Comparing the specially designed SL-Bs to the small 4.3 liter cabinets with Jx92s is hard as it’s different drivers and the cabinet is different, with that said I’m surprised how good and relatively deep the small ones go. They drop at 85 Hz with a nice bump at 120 Hz making them sound bigger than they really are. I’ve tuned them to 100 Hz letting the subs take care of the bass.

 Watching movies is intense especially with an Atmos or DTS X soundtrack, you are there in the middle of the action.

 Can I recommend this setup? YES with capital letters, I’m surprised so few have made home theater setups with these drivers. 

The combination of Eikona SL and Anthem amps with ARC is amazing!

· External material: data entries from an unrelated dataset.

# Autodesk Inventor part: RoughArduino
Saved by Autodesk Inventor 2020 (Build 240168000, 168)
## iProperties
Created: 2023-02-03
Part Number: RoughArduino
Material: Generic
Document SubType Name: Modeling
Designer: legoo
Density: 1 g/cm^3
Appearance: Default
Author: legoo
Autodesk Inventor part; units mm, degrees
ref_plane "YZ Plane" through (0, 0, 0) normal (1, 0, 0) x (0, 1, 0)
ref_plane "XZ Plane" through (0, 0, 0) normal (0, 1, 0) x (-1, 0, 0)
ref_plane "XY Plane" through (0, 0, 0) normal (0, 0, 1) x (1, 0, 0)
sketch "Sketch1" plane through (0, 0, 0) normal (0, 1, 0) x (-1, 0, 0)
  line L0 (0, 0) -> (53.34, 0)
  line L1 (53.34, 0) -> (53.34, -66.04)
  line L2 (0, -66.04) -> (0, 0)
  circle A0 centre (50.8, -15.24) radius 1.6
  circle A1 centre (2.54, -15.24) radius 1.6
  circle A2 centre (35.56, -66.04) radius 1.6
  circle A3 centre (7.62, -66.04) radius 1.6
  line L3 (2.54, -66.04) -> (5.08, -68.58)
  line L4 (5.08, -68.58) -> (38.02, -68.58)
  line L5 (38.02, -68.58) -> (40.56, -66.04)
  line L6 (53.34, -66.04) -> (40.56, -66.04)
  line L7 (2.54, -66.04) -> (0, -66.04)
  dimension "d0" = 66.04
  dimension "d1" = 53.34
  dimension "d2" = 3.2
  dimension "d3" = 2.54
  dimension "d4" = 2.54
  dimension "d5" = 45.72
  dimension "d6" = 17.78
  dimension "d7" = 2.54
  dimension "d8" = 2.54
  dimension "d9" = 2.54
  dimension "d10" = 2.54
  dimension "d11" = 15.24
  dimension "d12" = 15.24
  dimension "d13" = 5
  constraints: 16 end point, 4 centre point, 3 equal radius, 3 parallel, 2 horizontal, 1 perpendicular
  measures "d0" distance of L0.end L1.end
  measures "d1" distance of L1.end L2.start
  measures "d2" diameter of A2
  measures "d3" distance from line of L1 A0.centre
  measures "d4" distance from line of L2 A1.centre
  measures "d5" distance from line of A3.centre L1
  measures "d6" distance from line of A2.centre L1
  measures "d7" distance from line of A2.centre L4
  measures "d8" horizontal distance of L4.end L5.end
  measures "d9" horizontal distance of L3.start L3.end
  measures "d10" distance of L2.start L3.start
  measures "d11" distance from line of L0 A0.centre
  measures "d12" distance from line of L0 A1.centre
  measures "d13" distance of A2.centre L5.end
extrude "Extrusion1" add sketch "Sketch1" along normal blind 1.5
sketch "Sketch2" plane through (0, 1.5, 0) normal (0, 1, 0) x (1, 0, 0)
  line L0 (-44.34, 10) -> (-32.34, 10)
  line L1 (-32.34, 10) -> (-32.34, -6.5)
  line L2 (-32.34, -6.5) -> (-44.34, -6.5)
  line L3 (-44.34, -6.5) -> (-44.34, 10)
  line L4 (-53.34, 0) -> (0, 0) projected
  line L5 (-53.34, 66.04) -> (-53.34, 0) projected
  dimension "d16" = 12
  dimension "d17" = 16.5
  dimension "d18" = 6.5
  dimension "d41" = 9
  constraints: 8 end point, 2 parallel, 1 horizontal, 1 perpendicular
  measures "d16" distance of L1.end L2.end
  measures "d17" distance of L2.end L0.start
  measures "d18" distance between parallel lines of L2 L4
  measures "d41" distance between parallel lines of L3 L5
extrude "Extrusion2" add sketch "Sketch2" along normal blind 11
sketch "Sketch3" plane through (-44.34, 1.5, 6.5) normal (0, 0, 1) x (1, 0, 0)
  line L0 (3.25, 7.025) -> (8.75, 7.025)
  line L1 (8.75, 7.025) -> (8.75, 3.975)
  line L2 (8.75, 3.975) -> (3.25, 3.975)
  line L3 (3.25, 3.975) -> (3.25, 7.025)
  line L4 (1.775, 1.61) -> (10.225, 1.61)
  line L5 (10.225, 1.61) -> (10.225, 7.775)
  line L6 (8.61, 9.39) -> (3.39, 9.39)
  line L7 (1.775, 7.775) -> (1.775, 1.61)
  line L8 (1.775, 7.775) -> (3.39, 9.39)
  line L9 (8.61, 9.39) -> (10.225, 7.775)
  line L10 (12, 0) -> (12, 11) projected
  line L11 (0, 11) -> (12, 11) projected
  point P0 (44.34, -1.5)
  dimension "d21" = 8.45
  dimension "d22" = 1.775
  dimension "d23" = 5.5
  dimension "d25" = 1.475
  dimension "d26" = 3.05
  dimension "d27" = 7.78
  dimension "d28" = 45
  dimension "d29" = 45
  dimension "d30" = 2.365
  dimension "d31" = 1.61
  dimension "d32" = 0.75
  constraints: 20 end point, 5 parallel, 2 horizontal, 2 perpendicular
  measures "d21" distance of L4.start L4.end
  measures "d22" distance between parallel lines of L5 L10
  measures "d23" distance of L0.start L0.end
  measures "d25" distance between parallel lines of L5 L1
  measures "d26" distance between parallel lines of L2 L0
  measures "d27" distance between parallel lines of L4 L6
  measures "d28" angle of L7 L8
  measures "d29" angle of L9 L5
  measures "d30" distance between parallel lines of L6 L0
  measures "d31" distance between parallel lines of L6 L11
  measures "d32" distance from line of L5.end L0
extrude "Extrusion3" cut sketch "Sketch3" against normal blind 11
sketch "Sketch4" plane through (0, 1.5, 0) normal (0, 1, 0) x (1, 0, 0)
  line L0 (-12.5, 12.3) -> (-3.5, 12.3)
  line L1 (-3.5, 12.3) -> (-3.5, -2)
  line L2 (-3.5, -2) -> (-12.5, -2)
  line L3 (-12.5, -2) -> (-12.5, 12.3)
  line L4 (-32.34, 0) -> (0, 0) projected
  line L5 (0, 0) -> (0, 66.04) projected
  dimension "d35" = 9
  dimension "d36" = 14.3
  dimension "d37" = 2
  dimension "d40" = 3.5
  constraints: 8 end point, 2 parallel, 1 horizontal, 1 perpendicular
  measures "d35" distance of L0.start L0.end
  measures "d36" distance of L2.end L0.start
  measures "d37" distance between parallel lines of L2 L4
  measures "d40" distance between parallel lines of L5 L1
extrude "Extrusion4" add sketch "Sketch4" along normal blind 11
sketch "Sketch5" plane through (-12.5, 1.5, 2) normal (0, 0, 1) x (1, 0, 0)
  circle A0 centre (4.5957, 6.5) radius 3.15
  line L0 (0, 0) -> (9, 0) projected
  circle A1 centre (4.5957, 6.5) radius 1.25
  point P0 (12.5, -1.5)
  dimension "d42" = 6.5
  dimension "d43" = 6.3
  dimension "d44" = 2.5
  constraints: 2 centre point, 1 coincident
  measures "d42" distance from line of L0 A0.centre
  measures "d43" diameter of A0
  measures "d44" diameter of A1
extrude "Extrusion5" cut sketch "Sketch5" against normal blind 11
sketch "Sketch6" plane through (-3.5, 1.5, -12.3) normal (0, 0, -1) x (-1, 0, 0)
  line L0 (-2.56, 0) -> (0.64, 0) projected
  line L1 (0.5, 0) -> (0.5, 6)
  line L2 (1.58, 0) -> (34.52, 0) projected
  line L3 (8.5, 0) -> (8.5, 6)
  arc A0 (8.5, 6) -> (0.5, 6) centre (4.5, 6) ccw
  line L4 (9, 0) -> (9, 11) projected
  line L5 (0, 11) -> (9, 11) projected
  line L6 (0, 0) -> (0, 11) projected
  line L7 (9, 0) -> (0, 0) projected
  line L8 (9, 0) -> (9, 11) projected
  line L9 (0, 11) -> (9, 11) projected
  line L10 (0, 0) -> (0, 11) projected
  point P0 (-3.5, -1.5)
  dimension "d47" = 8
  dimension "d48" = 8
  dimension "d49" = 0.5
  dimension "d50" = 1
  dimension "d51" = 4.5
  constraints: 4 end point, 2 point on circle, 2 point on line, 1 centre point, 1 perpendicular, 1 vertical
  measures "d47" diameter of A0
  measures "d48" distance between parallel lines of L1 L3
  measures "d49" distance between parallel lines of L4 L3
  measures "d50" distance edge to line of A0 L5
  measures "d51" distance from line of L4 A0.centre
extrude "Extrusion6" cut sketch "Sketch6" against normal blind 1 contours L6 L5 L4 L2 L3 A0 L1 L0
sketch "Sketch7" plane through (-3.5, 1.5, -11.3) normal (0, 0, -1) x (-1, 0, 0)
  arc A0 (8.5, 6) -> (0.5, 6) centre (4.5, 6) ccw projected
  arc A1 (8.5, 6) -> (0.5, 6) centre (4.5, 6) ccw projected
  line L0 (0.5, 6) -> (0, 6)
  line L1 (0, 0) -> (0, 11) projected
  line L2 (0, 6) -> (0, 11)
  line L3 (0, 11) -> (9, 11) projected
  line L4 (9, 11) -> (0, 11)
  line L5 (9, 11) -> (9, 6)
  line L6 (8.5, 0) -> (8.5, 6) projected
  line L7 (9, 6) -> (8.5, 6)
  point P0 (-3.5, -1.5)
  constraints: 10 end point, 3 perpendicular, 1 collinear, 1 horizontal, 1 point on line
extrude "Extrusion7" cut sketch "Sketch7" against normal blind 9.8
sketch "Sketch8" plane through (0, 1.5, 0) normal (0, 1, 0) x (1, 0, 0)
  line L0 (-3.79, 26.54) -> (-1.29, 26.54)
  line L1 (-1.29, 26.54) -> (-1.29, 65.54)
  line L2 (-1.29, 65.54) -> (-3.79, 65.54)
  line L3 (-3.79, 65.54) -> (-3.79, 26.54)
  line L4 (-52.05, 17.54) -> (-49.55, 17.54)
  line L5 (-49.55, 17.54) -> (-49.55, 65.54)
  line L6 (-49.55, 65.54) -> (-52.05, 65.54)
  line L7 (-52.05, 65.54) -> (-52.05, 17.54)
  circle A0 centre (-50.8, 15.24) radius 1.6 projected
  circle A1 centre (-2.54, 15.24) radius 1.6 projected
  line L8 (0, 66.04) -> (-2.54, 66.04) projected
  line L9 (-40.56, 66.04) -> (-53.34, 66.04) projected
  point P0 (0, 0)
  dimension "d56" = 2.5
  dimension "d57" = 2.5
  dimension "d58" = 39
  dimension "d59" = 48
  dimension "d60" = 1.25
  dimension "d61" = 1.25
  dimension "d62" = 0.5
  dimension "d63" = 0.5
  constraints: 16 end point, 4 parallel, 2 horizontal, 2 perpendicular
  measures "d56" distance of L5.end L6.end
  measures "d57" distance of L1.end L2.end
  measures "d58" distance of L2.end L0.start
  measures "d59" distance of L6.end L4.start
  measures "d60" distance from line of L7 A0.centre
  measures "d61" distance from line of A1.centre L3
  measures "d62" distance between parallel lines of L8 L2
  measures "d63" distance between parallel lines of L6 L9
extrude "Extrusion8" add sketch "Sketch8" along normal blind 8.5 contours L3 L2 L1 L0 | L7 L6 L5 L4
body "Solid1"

Look how they track – I’m truly impressed and I work with sound as programme director for NRJ radio in Sweden. This is top notch!

 

 

 

 

Arizona Home Theatre

Jim is based in Arizona, USA and contacted us last year for advice on using EJ Jordan Eikona loudspeakers in the  home theatre system he was building. In fact, he was embarking on more than a home theatre, he was constructing an entire house, using a stunning mix of modern techniques and traditional adobe construction (see photo below). We gave  recommendations for the best cabinet sizes and alignment for his particular use. We then waited to see what Jim had done. It took a while – after all, he had a house to build – but we were finally rewarded with the following photographs and comments:

We have been in the new house for 6 months now. It has been one project after another. But just as things settled down, COVID 19 hit. Interesting times for sure. Anyway, I thought it would be nice to share some thoughts…..

I designed this system on my own. It is very different than the typical home theater set-up which inevitably includes box speakers everywhere and most of the time sounds horrid. I have been into (and still actually prefer) 2-channel systems.  Over the decades, I have figured out that full-range speakers without crossovers and the simplest electronics are the way to go. With this background in mind, the last thing I wanted was a surround receiver and a bunch of multi-driver tower speakers in my room with over-hyped, exaggerated, sonics designed for movie special effects. I wanted a musical system first, that would hold its own with movies.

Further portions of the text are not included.